Task statement: When "CONTINUOUS" occurs in a line of the material, copy that line.

Task inputs:
============================================================

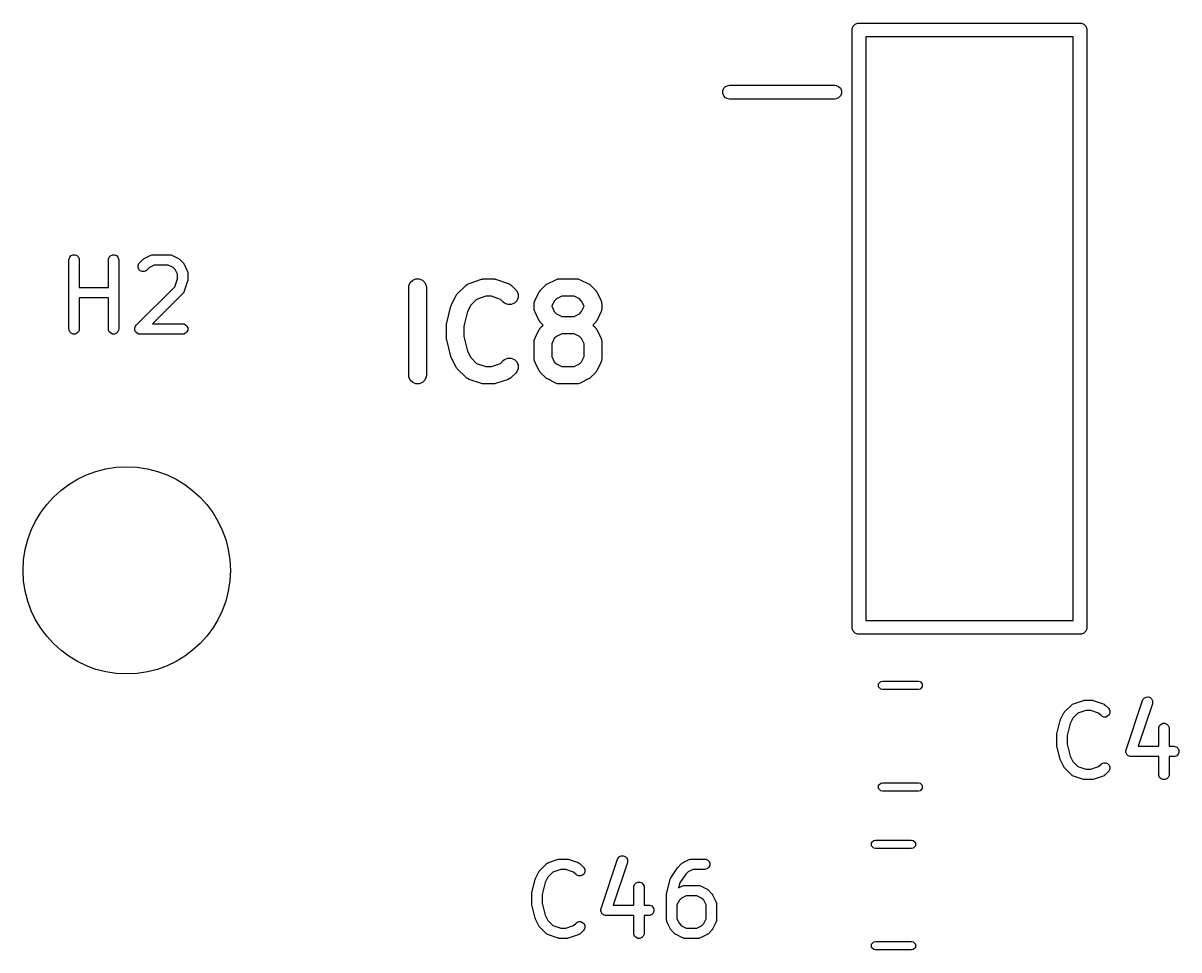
# Model space of a CAD drawing. Extents: x 2.05 to 8.87, y -5.84 to -2.88.
# Drawn here: x 6.138 to 6.796, y -3.748 to -3.22 of the extents above; entities that cross this region are included whole.
import ezdxf

# ---------------------------------------------------------------- set-up
doc = ezdxf.new("R2010")
doc.units = 0
doc.header["$MEASUREMENT"] = 0
doc.layers.add('BLACK', color=7, linetype='CONTINUOUS')

msp = doc.modelspace()

# ---------------------------------------------------------------- linework, layer by layer
at = {"layer": 'BLACK', "linetype": 'CONTINUOUS'}
for p, q in [((6.6109, -3.22128), (6.61199, -3.22019)), ((6.61199, -3.22019), (6.61341, -3.2196)), ((6.61341, -3.2196), (6.61417, -3.21953)), ((6.61417, -3.21953), (6.74016, -3.21953)), ((6.74016, -3.21953), (6.74093, -3.2196)), ((6.74093, -3.2196), (6.74234, -3.22019)), ((6.74234, -3.22019), (6.74343, -3.22128)), ((6.61024, -3.22346), (6.61031, -3.2227)), ((6.61024, -3.56394), (6.61024, -3.22346)), ((6.61031, -3.2227), (6.6109, -3.22128)), ((6.61811, -3.2274), (6.61811, -3.56)), ((6.73622, -3.2274), (6.61811, -3.2274)), ((6.73622, -3.56), (6.73622, -3.2274)), ((6.74343, -3.22128), (6.74402, -3.2227)), ((6.74402, -3.2227), (6.74409, -3.22346)), ((6.74409, -3.22346), (6.74409, -3.56394)), ((6.53649, -3.25809), (6.53708, -3.25667)), ((6.53649, -3.25963), (6.53649, -3.25809)), ((6.53708, -3.26105), (6.53649, -3.25963)), ((6.53708, -3.25667), (6.53817, -3.25558)), ((6.53817, -3.25558), (6.53959, -3.255)), ((6.53959, -3.255), (6.54035, -3.25492)), ((6.54035, -3.25492), (6.60039, -3.25492)), ((6.60039, -3.25492), (6.60116, -3.255)), ((6.60116, -3.255), (6.60258, -3.25558)), ((6.60258, -3.25558), (6.60367, -3.25667)), ((6.60367, -3.25667), (6.60426, -3.25809)), ((6.60426, -3.25963), (6.60367, -3.26105)), ((6.60426, -3.25809), (6.60426, -3.25963)), ((6.53817, -3.26213), (6.53708, -3.26105)), ((6.53959, -3.26272), (6.53817, -3.26213)), ((6.54035, -3.2628), (6.53959, -3.26272)), ((6.60039, -3.2628), (6.54035, -3.2628)), ((6.60116, -3.26272), (6.60039, -3.2628)), ((6.60258, -3.26213), (6.60116, -3.26272)), ((6.60367, -3.26105), (6.60258, -3.26213)), ((6.1644, -3.35288), (6.16521, -3.35207)), ((6.16521, -3.35207), (6.16628, -3.35162)), ((6.16628, -3.35162), (6.16743, -3.35162)), ((6.16743, -3.35162), (6.16849, -3.35207)), ((6.16849, -3.35207), (6.16931, -3.35288)), ((6.1869, -3.35288), (6.18771, -3.35207)), ((6.18771, -3.35207), (6.18878, -3.35162)), ((6.18878, -3.35162), (6.18993, -3.35162)), ((6.18993, -3.35162), (6.19099, -3.35207)), ((6.19099, -3.35207), (6.19181, -3.35288)), ((6.20678, -3.35375), (6.21053, -3.35188)), ((6.21053, -3.35188), (6.21107, -3.35167)), ((6.21107, -3.35167), (6.21117, -3.35167)), ((6.21117, -3.35167), (6.21127, -3.35162)), ((6.21127, -3.35162), (6.21185, -3.35157)), ((6.21185, -3.35157), (6.22122, -3.35157)), ((6.22122, -3.35157), (6.2218, -3.35162)), ((6.2218, -3.35162), (6.2219, -3.35167)), ((6.2219, -3.35167), (6.222, -3.35167)), ((6.222, -3.35167), (6.22254, -3.35188)), ((6.22254, -3.35188), (6.22629, -3.35375)), ((6.1639, -3.35452), (6.16396, -3.35394)), ((6.1639, -3.39389), (6.1639, -3.35452)), ((6.16396, -3.35394), (6.1644, -3.35288)), ((6.16931, -3.35288), (6.16975, -3.35394)), ((6.16975, -3.35394), (6.16981, -3.35452)), ((6.16981, -3.35452), (6.16981, -3.37032)), ((6.1864, -3.35452), (6.18646, -3.35394)), ((6.1864, -3.37032), (6.1864, -3.35452)), ((6.18646, -3.35394), (6.1869, -3.35288)), ((6.19181, -3.35288), (6.19225, -3.35394)), ((6.19225, -3.35394), (6.1923, -3.35452)), ((6.1923, -3.35452), (6.1923, -3.39389)), ((6.20333, -3.35769), (6.20377, -3.35663)), ((6.20333, -3.35885), (6.20333, -3.35769)), ((6.20377, -3.35991), (6.20333, -3.35885)), ((6.20377, -3.35663), (6.20414, -3.35618)), ((6.20414, -3.35618), (6.20601, -3.35431)), ((6.20601, -3.35431), (6.20624, -3.35412)), ((6.20624, -3.35412), (6.20629, -3.35406)), ((6.20629, -3.35406), (6.20638, -3.35401)), ((6.20638, -3.35401), (6.20646, -3.35394)), ((6.20646, -3.35394), (6.20653, -3.35391)), ((6.20653, -3.35391), (6.20678, -3.35375)), ((6.20985, -3.35882), (6.20831, -3.36036)), ((6.21255, -3.35747), (6.20985, -3.35882)), ((6.22053, -3.35747), (6.21255, -3.35747)), ((6.22322, -3.35882), (6.22053, -3.35747)), ((6.22442, -3.36002), (6.22322, -3.35882)), ((6.22629, -3.35375), (6.22654, -3.35391)), ((6.22654, -3.35391), (6.22661, -3.35394)), ((6.22661, -3.35394), (6.22669, -3.35401)), ((6.22669, -3.35401), (6.22678, -3.35406)), ((6.22678, -3.35406), (6.22683, -3.35412)), ((6.22683, -3.35412), (6.22706, -3.35431)), ((6.22706, -3.35431), (6.22893, -3.35618)), ((6.22893, -3.35618), (6.22912, -3.35641)), ((6.22912, -3.35641), (6.22918, -3.35646)), ((6.22918, -3.35646), (6.22924, -3.35655)), ((6.22924, -3.35655), (6.2293, -3.35663)), ((6.2293, -3.35663), (6.22933, -3.3567)), ((6.22933, -3.3567), (6.22949, -3.35695)), ((6.22949, -3.35695), (6.23136, -3.3607)), ((6.20458, -3.36073), (6.20377, -3.35991)), ((6.20565, -3.36117), (6.20458, -3.36073)), ((6.2068, -3.36117), (6.20565, -3.36117)), ((6.20786, -3.36073), (6.2068, -3.36117)), ((6.20831, -3.36036), (6.20786, -3.36073)), ((6.22427, -3.3698), (6.22577, -3.36529)), ((6.22577, -3.36272), (6.22442, -3.36002)), ((6.22577, -3.36529), (6.22577, -3.36272)), ((6.23136, -3.3607), (6.23157, -3.36124)), ((6.23157, -3.36124), (6.23158, -3.36135)), ((6.23158, -3.36135), (6.23162, -3.36144)), ((6.23162, -3.36144), (6.23167, -3.36202)), ((6.23167, -3.36577), (6.23165, -3.36606)), ((6.23167, -3.36202), (6.23167, -3.36577)), ((6.35983, -3.36609), (6.36163, -3.36534)), ((6.36163, -3.36534), (6.36358, -3.36534)), ((6.36358, -3.36534), (6.36539, -3.36609)), ((6.39198, -3.36789), (6.39912, -3.36551)), ((6.39912, -3.36551), (6.39961, -3.3654)), ((6.39961, -3.3654), (6.39973, -3.36534)), ((6.39973, -3.36534), (6.3999, -3.36533)), ((6.3999, -3.36533), (6.40008, -3.36529)), ((6.40008, -3.36529), (6.40021, -3.3653)), ((6.40021, -3.3653), (6.4007, -3.36525)), ((6.4007, -3.36525), (6.40546, -3.36525)), ((6.40546, -3.36525), (6.40596, -3.3653)), ((6.40596, -3.3653), (6.40609, -3.36529)), ((6.40609, -3.36529), (6.40626, -3.36533)), ((6.40626, -3.36533), (6.40644, -3.36534)), ((6.40644, -3.36534), (6.40656, -3.3654)), ((6.40656, -3.3654), (6.40705, -3.36551)), ((6.40705, -3.36551), (6.41419, -3.36789)), ((6.43656, -3.36816), (6.44132, -3.36578)), ((6.44132, -3.36578), (6.44224, -3.36543)), ((6.44224, -3.36543), (6.44242, -3.36541)), ((6.44242, -3.36541), (6.44258, -3.36534)), ((6.44258, -3.36534), (6.44356, -3.36525)), ((6.44356, -3.36525), (6.45308, -3.36525)), ((6.45308, -3.36525), (6.45406, -3.36534)), ((6.45406, -3.36534), (6.45423, -3.36541)), ((6.45423, -3.36541), (6.4544, -3.36543)), ((6.4544, -3.36543), (6.45532, -3.36578)), ((6.45532, -3.36578), (6.46008, -3.36816)), ((6.16981, -3.37032), (6.1864, -3.37032)), ((6.20226, -3.3918), (6.22427, -3.3698)), ((6.22965, -3.37233), (6.22941, -3.37286)), ((6.23152, -3.3667), (6.22965, -3.37233)), ((6.23159, -3.36642), (6.23152, -3.3667)), ((6.23162, -3.36635), (6.23159, -3.36642)), ((6.23163, -3.36624), (6.23162, -3.36635)), ((6.23165, -3.36614), (6.23163, -3.36624)), ((6.23165, -3.36606), (6.23165, -3.36614)), ((6.35761, -3.37025), (6.3577, -3.36927)), ((6.35761, -3.42025), (6.35761, -3.37025)), ((6.3577, -3.36927), (6.35845, -3.36747)), ((6.35845, -3.36747), (6.35983, -3.36609)), ((6.36539, -3.36609), (6.36677, -3.36747)), ((6.36677, -3.36747), (6.36751, -3.36927)), ((6.36751, -3.36927), (6.36761, -3.37025)), ((6.36761, -3.37025), (6.36761, -3.42025)), ((6.38526, -3.37386), (6.39002, -3.36909)), ((6.39002, -3.36909), (6.39078, -3.36847)), ((6.39078, -3.36847), (6.39095, -3.3684)), ((6.39095, -3.3684), (6.39108, -3.36829)), ((6.39108, -3.36829), (6.39198, -3.36789)), ((6.41419, -3.36789), (6.41508, -3.36829)), ((6.41508, -3.36829), (6.41522, -3.3684)), ((6.41522, -3.3684), (6.41539, -3.36847)), ((6.41539, -3.36847), (6.41614, -3.36909)), ((6.41614, -3.36909), (6.41852, -3.37148)), ((6.41852, -3.37148), (6.41915, -3.37223)), ((6.41915, -3.37223), (6.41989, -3.37404)), ((6.43195, -3.37277), (6.43221, -3.37235)), ((6.43221, -3.37235), (6.43226, -3.37223)), ((6.43226, -3.37223), (6.43237, -3.3721)), ((6.43237, -3.3721), (6.43247, -3.37195)), ((6.43247, -3.37195), (6.43257, -3.37186)), ((6.43257, -3.37186), (6.43288, -3.37148)), ((6.43288, -3.37148), (6.43526, -3.36909)), ((6.43526, -3.36909), (6.43565, -3.36878)), ((6.43565, -3.36878), (6.43573, -3.36868)), ((6.43573, -3.36868), (6.43588, -3.36858)), ((6.43588, -3.36858), (6.43602, -3.36847)), ((6.43602, -3.36847), (6.43614, -3.36842)), ((6.43614, -3.36842), (6.43656, -3.36816)), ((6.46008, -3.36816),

============================================================

Result of this task:
doc.layers.add('BLACK', color=7, linetype='CONTINUOUS')
at = {"layer": 'BLACK', "linetype": 'CONTINUOUS'}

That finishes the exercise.